PIE was reconstructed from comparing living Indo-European languages. Through comparative analysis and phonetic analysis, we have established the original language knew horses, wheel, and specific trees, suggesting a northerly central Asia location, aka the Pontic-Caspian steppe, with the original peoples probably being at least partly steppe herders.

There were other languages before PIE-root languages became established in Europe, such as Etruscan, with remnants only in place names and a few plant names and some loan words.

Archaeology is tentatively linking the origin of PIE to the spread of the Yamnaya culture (also called Pit Grave culture, or the Ochre grave culture) into Europe.

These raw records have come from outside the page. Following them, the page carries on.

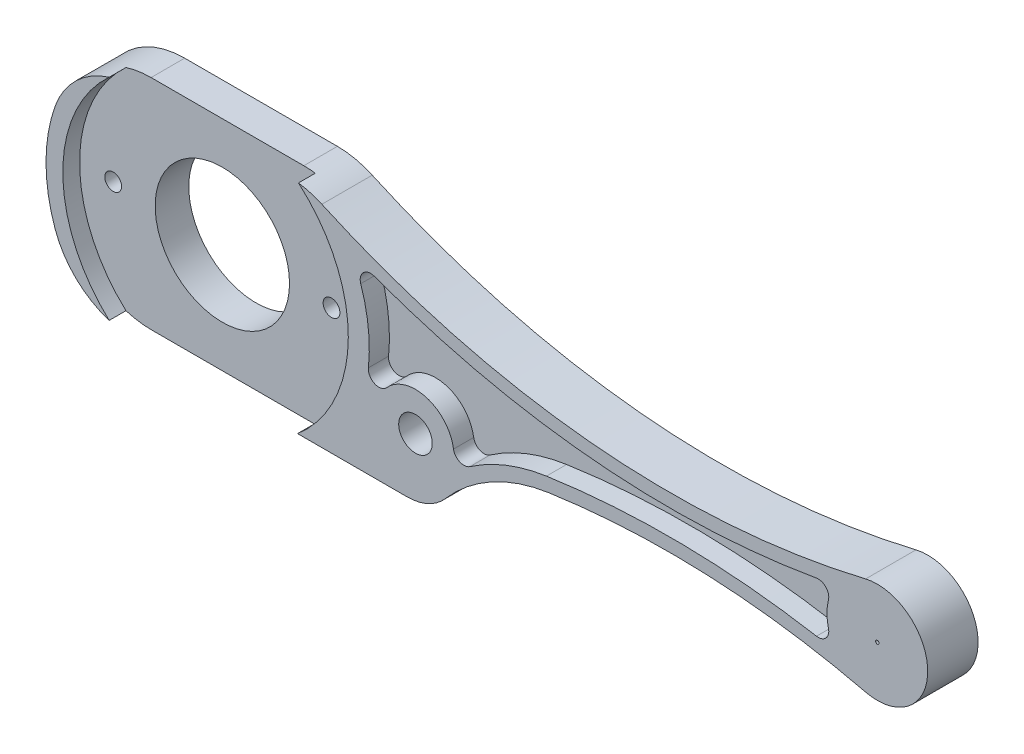
ISO-10303-21;
HEADER;
FILE_DESCRIPTION(('STEP AP214'),'2;1');
FILE_NAME('part.step','',(''),(''),'','','');
FILE_SCHEMA(('AUTOMOTIVE_DESIGN { 1 0 10303 214 1 1 1 1 }'));
ENDSEC;
DATA;
#1=APPLICATION_CONTEXT('core data for automotive mechanical design processes');
#2=APPLICATION_PROTOCOL_DEFINITION('international standard','automotive_design',2000,#1);
#3=PRODUCT_CONTEXT('',#1,'mechanical');
#4=PRODUCT('Part','Part','',(#3));
#5=PRODUCT_RELATED_PRODUCT_CATEGORY('part','',(#4));
#6=PRODUCT_DEFINITION_FORMATION('','',#4);
#7=PRODUCT_DEFINITION_CONTEXT('part definition',#1,'design');
#8=PRODUCT_DEFINITION('design','',#6,#7);
#9=PRODUCT_DEFINITION_SHAPE('','',#8);
#10=(LENGTH_UNIT() NAMED_UNIT(*) SI_UNIT(.MILLI.,.METRE.));
#11=(NAMED_UNIT(*) PLANE_ANGLE_UNIT() SI_UNIT($,.RADIAN.));
#12=(NAMED_UNIT(*) SI_UNIT($,.STERADIAN.) SOLID_ANGLE_UNIT());
#13=UNCERTAINTY_MEASURE_WITH_UNIT(LENGTH_MEASURE(1.E-05),#10,'distance_accuracy_value','');
#14=(GEOMETRIC_REPRESENTATION_CONTEXT(3) GLOBAL_UNCERTAINTY_ASSIGNED_CONTEXT((#13)) GLOBAL_UNIT_ASSIGNED_CONTEXT((#10,
#11,#12)) REPRESENTATION_CONTEXT('',''));
#15=CARTESIAN_POINT('',(0.,0.,0.));
#16=DIRECTION('',(0.,0.,1.));
#17=DIRECTION('',(1.,0.,0.));
#18=AXIS2_PLACEMENT_3D('',#15,#16,#17);
#19=CARTESIAN_POINT('',(-15.,-15.,6.));
#20=DIRECTION('',(0.,0.,-1.));
#21=DIRECTION('',(1.,0.,0.));
#22=AXIS2_PLACEMENT_3D('',#19,#20,#21);
#23=PLANE('',#22);
#24=CARTESIAN_POINT('',(0.,0.,6.));
#25=DIRECTION('',(0.,0.,1.));
#26=DIRECTION('',(1.,0.,0.));
#27=AXIS2_PLACEMENT_3D('',#24,#25,#26);
#28=CIRCLE('',#27,9.5);
#29=CARTESIAN_POINT('',(-8.9566858950296,3.16666666666667,6.));
#30=VERTEX_POINT('',#29);
#31=CARTESIAN_POINT('',(-8.9566858950296,-3.16666666666667,6.));
#32=VERTEX_POINT('',#31);
#33=EDGE_CURVE('E274',#30,#32,#28,.T.);
#34=ORIENTED_EDGE('',*,*,#33,.T.);
#35=CARTESIAN_POINT('',(-4.24264068711928,-1.5,6.));
#36=DIRECTION('',(0.,0.,1.));
#37=DIRECTION('',(-1.,0.,0.));
#38=AXIS2_PLACEMENT_3D('',#35,#36,#37);
#39=CIRCLE('',#38,5.);
#40=CARTESIAN_POINT('',(-5.73773447853214,-6.27123616632825,6.));
#41=VERTEX_POINT('',#40);
#42=EDGE_CURVE('E277',#32,#41,#39,.T.);
#43=ORIENTED_EDGE('',*,*,#42,.T.);
#44=CARTESIAN_POINT('',(0.,0.,6.));
#45=DIRECTION('',(0.,0.,1.));
#46=DIRECTION('',(1.,0.,0.));
#47=AXIS2_PLACEMENT_3D('',#44,#45,#46);
#48=CIRCLE('',#47,8.5);
#49=CARTESIAN_POINT('',(-5.73773447853214,6.27123616632825,6.));
#50=VERTEX_POINT('',#49);
#51=EDGE_CURVE('E331',#50,#41,#48,.T.);
#52=ORIENTED_EDGE('',*,*,#51,.F.);
#53=CARTESIAN_POINT('',(-4.24264068711928,1.5,6.));
#54=DIRECTION('',(0.,0.,1.));
#55=DIRECTION('',(1.,0.,0.));
#56=AXIS2_PLACEMENT_3D('',#53,#54,#55);
#57=CIRCLE('',#56,5.);
#58=EDGE_CURVE('E271',#50,#30,#57,.T.);
#59=ORIENTED_EDGE('',*,*,#58,.T.);
#60=EDGE_LOOP('',(#34,#43,#52,#59));
#61=FACE_BOUND('',#60,.T.);
#62=ADVANCED_FACE('F33',(#61),#23,.F.);
#63=CARTESIAN_POINT('',(0.,0.,5.));
#64=DIRECTION('',(0.,0.,1.));
#65=DIRECTION('',(-1.,0.,0.));
#66=AXIS2_PLACEMENT_3D('',#63,#64,#65);
#67=CYLINDRICAL_SURFACE('',#66,8.5);
#68=DIRECTION('',(0.,0.,1.));
#69=VECTOR('',#68,1.);
#70=CARTESIAN_POINT('',(5.53211423569837,6.45334890449784,4.5));
#71=LINE('',#70,#69);
#72=CARTESIAN_POINT('',(5.53211423569837,6.45334890449784,6.));
#73=VERTEX_POINT('',#72);
#74=CARTESIAN_POINT('',(5.53211423569837,6.45334890449784,5.));
#75=VERTEX_POINT('',#74);
#76=EDGE_CURVE('E41',#73,#75,#71,.F.);
#77=ORIENTED_EDGE('',*,*,#76,.T.);
#78=CARTESIAN_POINT('',(0.,0.,5.));
#79=DIRECTION('',(0.,0.,1.));
#80=DIRECTION('',(1.,0.,0.));
#81=AXIS2_PLACEMENT_3D('',#78,#79,#80);
#82=CIRCLE('',#81,8.5);
#83=CARTESIAN_POINT('',(5.47722557505166,-6.5,5.));
#84=VERTEX_POINT('',#83);
#85=EDGE_CURVE('E327',#84,#75,#82,.T.);
#86=ORIENTED_EDGE('',*,*,#85,.F.);
#87=DIRECTION('',(0.,0.,1.));
#88=VECTOR('',#87,1.);
#89=CARTESIAN_POINT('',(5.47722557505166,-6.5,5.));
#90=LINE('',#89,#88);
#91=CARTESIAN_POINT('',(5.47722557505166,-6.5,6.));
#92=VERTEX_POINT('',#91);
#93=EDGE_CURVE('E362',#84,#92,#90,.T.);
#94=ORIENTED_EDGE('',*,*,#93,.T.);
#95=EDGE_CURVE('E326',#92,#73,#48,.T.);
#96=ORIENTED_EDGE('',*,*,#95,.T.);
#97=EDGE_LOOP('',(#77,#86,#94,#96));
#98=FACE_BOUND('',#97,.T.);
#99=ADVANCED_FACE('F374',(#98),#67,.F.);
#100=CARTESIAN_POINT('',(15.3842180039987,-2.55797359602946,6.));
#101=DIRECTION('',(0.,0.,1.));
#102=DIRECTION('',(1.,0.,0.));
#103=AXIS2_PLACEMENT_3D('',#100,#101,#102);
#104=CIRCLE('',#103,0.625000000000002);
#105=CARTESIAN_POINT('',(14.7664310881251,-2.6526537236984,6.));
#106=VERTEX_POINT('',#105);
#107=CARTESIAN_POINT('',(15.7386882696293,-3.07273162732552,6.));
#108=VERTEX_POINT('',#107);
#109=EDGE_CURVE('E224',#106,#108,#104,.T.);
#110=ORIENTED_EDGE('',*,*,#109,.F.);
#111=CARTESIAN_POINT('',(12.5,-3.,6.));
#112=DIRECTION('',(0.,0.,1.));
#113=DIRECTION('',(1.,0.,0.));
#114=AXIS2_PLACEMENT_3D('',#111,#112,#113);
#115=CIRCLE('',#114,2.29289321881345);
#116=CARTESIAN_POINT('',(10.7875312379464,-1.4752672195197,6.));
#117=VERTEX_POINT('',#116);
#118=EDGE_CURVE('E457',#106,#117,#115,.T.);
#119=ORIENTED_EDGE('',*,*,#118,.T.);
#120=CARTESIAN_POINT('',(10.3207441379185,-1.05965345260677,6.));
#121=DIRECTION('',(0.,0.,1.));
#122=DIRECTION('',(1.,0.,0.));
#123=AXIS2_PLACEMENT_3D('',#120,#121,#122);
#124=CIRCLE('',#123,0.625);
#125=CARTESIAN_POINT('',(9.69901256334507,-0.995818907269018,6.));
#126=VERTEX_POINT('',#125);
#127=EDGE_CURVE('E460',#126,#117,#124,.T.);
#128=ORIENTED_EDGE('',*,*,#127,.F.);
#129=CARTESIAN_POINT('',(0.,0.,6.));
#130=DIRECTION('',(0.,0.,1.));
#131=DIRECTION('',(1.,0.,0.));
#132=AXIS2_PLACEMENT_3D('',#129,#130,#131);
#133=CIRCLE('',#132,9.75);
#134=CARTESIAN_POINT('',(9.24022420282149,3.11139143818197,6.));
#135=VERTEX_POINT('',#134);
#136=EDGE_CURVE('E507',#126,#135,#133,.T.);
#137=ORIENTED_EDGE('',*,*,#136,.T.);
#138=CARTESIAN_POINT('',(9.83254626710492,3.3108396072962,6.));
#139=DIRECTION('',(0.,0.,1.));
#140=DIRECTION('',(1.,0.,0.));
#141=AXIS2_PLACEMENT_3D('',#138,#139,#140);
#142=CIRCLE('',#141,0.625);
#143=CARTESIAN_POINT('',(10.0492827611848,3.89705653995334,6.));
#144=VERTEX_POINT('',#143);
#145=EDGE_CURVE('E504',#144,#135,#142,.T.);
#146=ORIENTED_EDGE('',*,*,#145,.F.);
#147=CARTESIAN_POINT('',(27.665625,51.5447688263259,6.));
#148=DIRECTION('',(0.,0.,1.));
#149=DIRECTION('',(1.,0.,0.));
#150=AXIS2_PLACEMENT_3D('',#147,#148,#149);
#151=CIRCLE('',#150,50.8);
#152=CARTESIAN_POINT('',(36.3766297245662,1.49720748025643,6.));
#153=VERTEX_POINT('',#152);
#154=EDGE_CURVE('E499',#144,#153,#151,.T.);
#155=ORIENTED_EDGE('',*,*,#154,.T.);
#156=CARTESIAN_POINT('',(36.4838025189137,0.881464845585303,6.));
#157=DIRECTION('',(0.,0.,1.));
#158=DIRECTION('',(1.,0.,0.));
#159=AXIS2_PLACEMENT_3D('',#156,#157,#158);
#160=CIRCLE('',#159,0.624999999999998);
#161=CARTESIAN_POINT('',(37.0900434639286,0.729488148070596,6.));
#162=VERTEX_POINT('',#161);
#163=EDGE_CURVE('E497',#162,#153,#160,.T.);
#164=ORIENTED_EDGE('',*,*,#163,.F.);
#165=CARTESIAN_POINT('',(40.,0.,6.));
#166=DIRECTION('',(0.,0.,1.));
#167=DIRECTION('',(1.,0.,0.));
#168=AXIS2_PLACEMENT_3D('',#165,#166,#167);
#169=CIRCLE('',#168,3.00000000000001);
#170=CARTESIAN_POINT('',(37.0900434639286,-0.729488148070595,6.));
#171=VERTEX_POINT('',#170);
#172=EDGE_CURVE('E485',#162,#171,#169,.T.);
#173=ORIENTED_EDGE('',*,*,#172,.T.);
#174=CARTESIAN_POINT('',(36.4838025189137,-0.881464845585303,6.));
#175=DIRECTION('',(0.,0.,1.));
#176=DIRECTION('',(1.,0.,0.));
#177=AXIS2_PLACEMENT_3D('',#174,#175,#176);
#178=CIRCLE('',#177,0.624999999999998);
#179=CARTESIAN_POINT('',(36.3766297245662,-1.49720748025643,6.));
#180=VERTEX_POINT('',#179);
#181=EDGE_CURVE('E491',#180,#171,#178,.T.);
#182=ORIENTED_EDGE('',*,*,#181,.F.);
#183=CARTESIAN_POINT('',(27.665625,-51.5447688263259,6.));
#184=DIRECTION('',(0.,0.,1.));
#185=DIRECTION('',(1.,0.,0.));
#186=AXIS2_PLACEMENT_3D('',#183,#184,#185);
#187=CIRCLE('',#186,50.8);
#188=CARTESIAN_POINT('',(20.2974780138513,-1.28195543520632,6.));
#189=VERTEX_POINT('',#188);
#190=EDGE_CURVE('E493',#180,#189,#187,.T.);
#191=ORIENTED_EDGE('',*,*,#190,.T.);
#192=CARTESIAN_POINT('',(21.8639344597254,-11.9677504081215,6.));
#193=DIRECTION('',(0.,0.,1.));
#194=DIRECTION('',(1.,0.,0.));
#195=AXIS2_PLACEMENT_3D('',#192,#193,#194);
#196=CIRCLE('',#195,10.8);
#197=EDGE_CURVE('E227',#189,#108,#196,.T.);
#198=ORIENTED_EDGE('',*,*,#197,.T.);
#199=EDGE_LOOP('',(#110,#119,#128,#137,#146,#155,#164,#173,#182,#191,#198));
#200=FACE_BOUND('',#199,.T.);
#201=ORIENTED_EDGE('',*,*,#95,.F.);
#202=DIRECTION('',(1.,0.,0.));
#203=VECTOR('',#202,1.);
#204=CARTESIAN_POINT('',(-4.24264068711928,-6.5,6.));
#205=LINE('',#204,#203);
#206=CARTESIAN_POINT('',(12.,-6.5,6.));
#207=VERTEX_POINT('',#206);
#208=EDGE_CURVE('E280',#92,#207,#205,.T.);
#209=ORIENTED_EDGE('',*,*,#208,.T.);
#210=CARTESIAN_POINT('',(12.,-3.5,6.));
#211=DIRECTION('',(0.,0.,1.));
#212=DIRECTION('',(1.,0.,0.));
#213=AXIS2_PLACEMENT_3D('',#210,#211,#212);
#214=CIRCLE('',#213,3.);
#215=CARTESIAN_POINT('',(14.2762925676289,-5.45409624802804,6.));
#216=VERTEX_POINT('',#215);
#217=EDGE_CURVE('E283',#207,#216,#214,.T.);
#218=ORIENTED_EDGE('',*,*,#217,.T.);
#219=CARTESIAN_POINT('',(21.8639344597254,-11.9677504081215,6.));
#220=DIRECTION('',(0.,0.,-1.));
#221=DIRECTION('',(-1.,0.,0.));
#222=AXIS2_PLACEMENT_3D('',#219,#220,#221);
#223=CIRCLE('',#222,10.);
#224=CARTESIAN_POINT('',(20.4135118246568,-2.0734958035704,6.));
#225=VERTEX_POINT('',#224);
#226=EDGE_CURVE('E286',#216,#225,#223,.T.);
#227=ORIENTED_EDGE('',*,*,#226,.T.);
#228=CARTESIAN_POINT('',(27.665625,-51.5447688263259,6.));
#229=DIRECTION('',(0.,0.,-1.));
#230=DIRECTION('',(-1.,0.,0.));
#231=AXIS2_PLACEMENT_3D('',#228,#229,#230);
#232=CIRCLE('',#231,50.);
#233=CARTESIAN_POINT('',(39.3018278301887,-2.91762842413166,6.));
#234=VERTEX_POINT('',#233);
#235=EDGE_CURVE('E289',#225,#234,#232,.T.);
#236=ORIENTED_EDGE('',*,*,#235,.T.);
#237=CARTESIAN_POINT('',(40.,0.,6.));
#238=DIRECTION('',(0.,0.,1.));
#239=DIRECTION('',(1.,0.,0.));
#240=AXIS2_PLACEMENT_3D('',#237,#238,#239);
#241=CIRCLE('',#240,3.00000000000001);
#242=CARTESIAN_POINT('',(39.3018278301887,2.91762842413166,6.));
#243=VERTEX_POINT('',#242);
#244=EDGE_CURVE('E241',#234,#243,#241,.T.);
#245=ORIENTED_EDGE('',*,*,#244,.T.);
#246=CARTESIAN_POINT('',(27.665625,51.5447688263259,6.));
#247=DIRECTION('',(0.,0.,-1.));
#248=DIRECTION('',(1.,0.,0.));
#249=AXIS2_PLACEMENT_3D('',#246,#247,#248);
#250=CIRCLE('',#249,50.);
#251=CARTESIAN_POINT('',(6.9247779074781,6.0495244387569,6.));
#252=VERTEX_POINT('',#251);
#253=EDGE_CURVE('E229',#243,#252,#250,.T.);
#254=ORIENTED_EDGE('',*,*,#253,.T.);
#255=CARTESIAN_POINT('',(4.85069319822591,1.5,6.));
#256=DIRECTION('',(0.,0.,1.));
#257=DIRECTION('',(1.,0.,0.));
#258=AXIS2_PLACEMENT_3D('',#255,#256,#257);
#259=CIRCLE('',#258,5.);
#260=EDGE_CURVE('E232',#252,#73,#259,.T.);
#261=ORIENTED_EDGE('',*,*,#260,.T.);
#262=EDGE_LOOP('',(#201,#209,#218,#227,#236,#245,#254,#261));
#263=FACE_BOUND('',#262,.T.);
#264=CARTESIAN_POINT('',(40.,0.,6.));
#265=DIRECTION('',(0.,0.,1.));
#266=DIRECTION('',(1.,0.,0.));
#267=AXIS2_PLACEMENT_3D('',#264,#265,#266);
#268=CIRCLE('',#267,0.100000000000001);
#269=CARTESIAN_POINT('',(40.1,0.,6.));
#270=VERTEX_POINT('',#269);
#271=EDGE_CURVE('E353',#270,#270,#268,.T.);
#272=ORIENTED_EDGE('',*,*,#271,.F.);
#273=EDGE_LOOP('',(#272));
#274=FACE_BOUND('',#273,.T.);
#275=CARTESIAN_POINT('',(12.5,-3.,6.));
#276=DIRECTION('',(0.,0.,-1.));
#277=DIRECTION('',(-1.,0.,0.));
#278=AXIS2_PLACEMENT_3D('',#275,#276,#277);
#279=CIRCLE('',#278,0.999999999999999);
#280=CARTESIAN_POINT('',(11.5,-3.,6.));
#281=VERTEX_POINT('',#280);
#282=EDGE_CURVE('E344',#281,#281,#279,.T.);
#283=ORIENTED_EDGE('',*,*,#282,.T.);
#284=EDGE_LOOP('',(#283));
#285=FACE_BOUND('',#284,.T.);
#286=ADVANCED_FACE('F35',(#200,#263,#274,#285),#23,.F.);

This culture is identified by characteristic artifacts. This is a hot field of research and dispute, though.
Disease may have played a huge role in the spread of PIE and its daughter languages. https://www.sciencemag.org/news/2018/12/did-new-form-plague-destroy-europe-s-stone-age-societies

Because PIE apparently spread fairly quickly into Europe and mixed with the original Europeans without central governance, the separate language families may have developed pretty quickly, in mere generations, just as languages/dialects diverged quite quickly in Europe as the Roman Empire declined and fell.
The relationships are normally visualized in a language family tree, so you can see the splits. Minna Sundberg did a lovely illustration that has been republished many times. I'm linking to the Guardian Article featuring it. https://www.theguardian.com/education/gallery/2015/jan/23/a-language-family-tree-in-pictures

As for the date of PIE, it is hypothetically dated back to 4500 to 2500 BCE, but estimates vary. Could be earlier. Not likely to be much later. The earliest form of ancient Greek is dated to 1500 BCE re linear B inscriptions. It does have intermediate characteristics between PIE and later Greek, but already had distinct sound changes that are indisputably Greek.

1000 BCE for Proto-Germanic may be around right. Maybe a few centuries either way.